*** Opening Given data ***
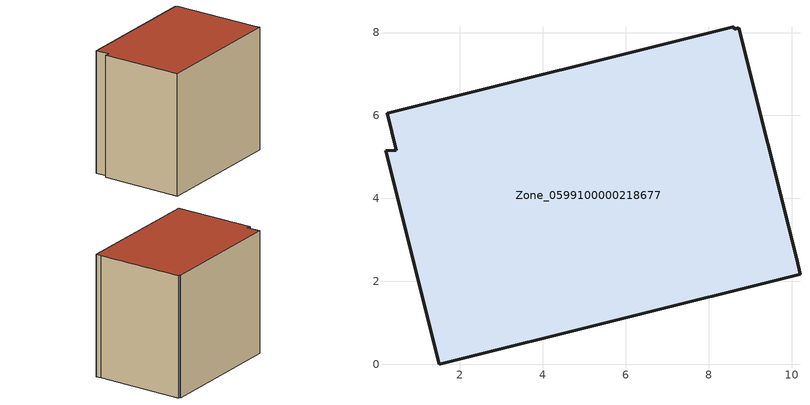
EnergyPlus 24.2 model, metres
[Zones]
Zone_0599100000218677
 floor ground (C_G): 1.5,0 0.21,5.15 0.46,5.16 0.25,6.05 8.6,8.14 8.62,8.07 8.72,8.12 10.12,2.54 10.2,2.18 z0
 wall outside (C_F): 8.62,8.07 8.6,8.14 0.25,6.05 0.46,5.16 0.21,5.15 1.5,0 10.2,2.18 10.12,2.54 8.72,8.12 8.62,8.07 z0:8.09
 roof outside (C_R): 0.21,5.15 1.5,0 10.2,2.18 10.12,2.54 8.72,8.12 8.62,8.07 8.6,8.14 0.25,6.05 0.46,5.16 z8.09
[BUILDING]
Pand.0599100000218677: North Axis=0; Terrain=City; Loads Convergence Tolerance Value=0.04; Temperature Convergence Tolerance Value=0.4; Solar Distribution=FullExterior; Maximum Number of Warmup Days=25; Minimum Number of Warmup Days=1
[Site:Location]
Rotterdam.The.Hague.AP_ZH_NLD Design_Conditions: Latitude=51.96; Longitude=4.45; Time Zone=1; Elevation=-4.5
[SITE:GROUNDTEMPERATURE:BUILDINGSURFACE]
18, 18, 18, 18, 18, 18, 18, 18, 18, 18, 18, 18
[MATERIAL] Thermal Absorptance=0.9; Solar Absorptance=0.7; Visible Absorptance=0.7
Name | Roughness | Thickness | Conductivity | Density | Specific Heat
G.TC.1965-1974 | MediumSmooth | 0.15 | 0.882353 | 540 | 1210
F.TC.1965-1974 | Rough | 0.3 | 0.697674 | 1920 | 840
R.TC.1965-1974 | MediumRough | 0.2 | 0.232558 | 1500 | 1000
[CONSTRUCTION]
C_G: G.TC.1965-1974
C_F: F.TC.1965-1974
C_R: R.TC.1965-1974
[ZONE]
Zone_0599100000218677: Type=1; Multiplier=1; Ceiling Height=Autocalculate; Volume=Autocalculate; Floor Area=autocalculate; Part of Total Floor Area=Yes
[ZONEINFILTRATION:DESIGNFLOWRATE]
Infil_Zone_0599100000218677: Zone or ZoneList or Space or SpaceList=Zone_0599100000218677; Schedule=AlwaysOn; Design Flow Rate Calculation Method=Flow/Area; Flow Rate per Floor Area=0.003; Constant Term Coefficient=1; Temperature Term Coefficient=0; Velocity Term Coefficient=0; Velocity Squared Term Coefficient=0
[HVACTEMPLATE:ZONE:IDEALLOADSAIRSYSTEM]
Zone_0599100000218677: Maximum Heating Supply Air Temperature=50; Minimum Cooling Supply Air Temperature=13; Maximum Heating Supply Air Humidity Ratio=0.0156; Minimum Cooling Supply Air Humidity Ratio=0.0077; Heating Limit=NoLimit; Cooling Limit=NoLimit; Dehumidification Control Type=ConstantSensibleHeatRatio; Cooling Sensible Heat Ratio=0.7; Dehumidification Setpoint=60; Humidification Control Type=None; Humidification Setpoint=30; Outdoor Air Method=None; Outdoor Air Flow Rate per Person=0.00944; Outdoor Air Flow Rate per Zone Floor Area=0; Outdoor Air Flow Rate per Zone=0; Demand Controlled Ventilation Type=None; Outdoor Air Economizer Type=NoEconomizer; Heat Recovery Type=None; Sensible Heat Recovery Effectiveness=0.7; Latent Heat Recovery Effectiveness=0.65
[ZONECONTROL:THERMOSTAT]
ThermostatControl_Zone_0599100000218677: Zone or ZoneList=Zone_0599100000218677; Control Type Schedule=DualSetpointControlType; Control 1=Thermostat_Zone_0599100000218677; Temperature Difference Between Cutout And Setpoint=0
[THERMOSTATSETPOINT:DUALSETPOINT]
Thermostat_Zone_0599100000218677: Heating Setpoint Temperature Schedule=HeatingSetpoint_Zone_0599100000218677; Cooling Setpoint Temperature Schedule=CoolingSetpoint_Zone_0599100000218677
[SCHEDULE:COMPACT]
HeatingSetpoint_Zone_0599100000218677: Through: 12/31, For: AllDays, Until: 24:00, 21
CoolingSetpoint_Zone_0599100000218677: Through: 12/31, For: AllDays, Until: 24:00, 24
DualSetpointControlType: Through: 12/31, For: AllDays, Until: 24:00, 4
AlwaysOn: Through: 12/31, For: AllDays, Until: 24:00, 1
*** Closing Given data ***
Word for word, restate the lines above from the first through the one that contains "Name | Roughness", and exclude all pictures.

• Solution
EnergyPlus 24.2 model, metres
[Zones]
Zone_0599100000218677
 floor ground (C_G): 1.5,0 0.21,5.15 0.46,5.16 0.25,6.05 8.6,8.14 8.62,8.07 8.72,8.12 10.12,2.54 10.2,2.18 z0
 wall outside (C_F): 8.62,8.07 8.6,8.14 0.25,6.05 0.46,5.16 0.21,5.15 1.5,0 10.2,2.18 10.12,2.54 8.72,8.12 8.62,8.07 z0:8.09
 roof outside (C_R): 0.21,5.15 1.5,0 10.2,2.18 10.12,2.54 8.72,8.12 8.62,8.07 8.6,8.14 0.25,6.05 0.46,5.16 z8.09
[BUILDING]
Pand.0599100000218677: North Axis=0; Terrain=City; Loads Convergence Tolerance Value=0.04; Temperature Convergence Tolerance Value=0.4; Solar Distribution=FullExterior; Maximum Number of Warmup Days=25; Minimum Number of Warmup Days=1
[Site:Location]
Rotterdam.The.Hague.AP_ZH_NLD Design_Conditions: Latitude=51.96; Longitude=4.45; Time Zone=1; Elevation=-4.5
[SITE:GROUNDTEMPERATURE:BUILDINGSURFACE]
18, 18, 18, 18, 18, 18, 18, 18, 18, 18, 18, 18
[MATERIAL] Thermal Absorptance=0.9; Solar Absorptance=0.7; Visible Absorptance=0.7
Name | Roughness | Thickness | Conductivity | Density | Specific Heat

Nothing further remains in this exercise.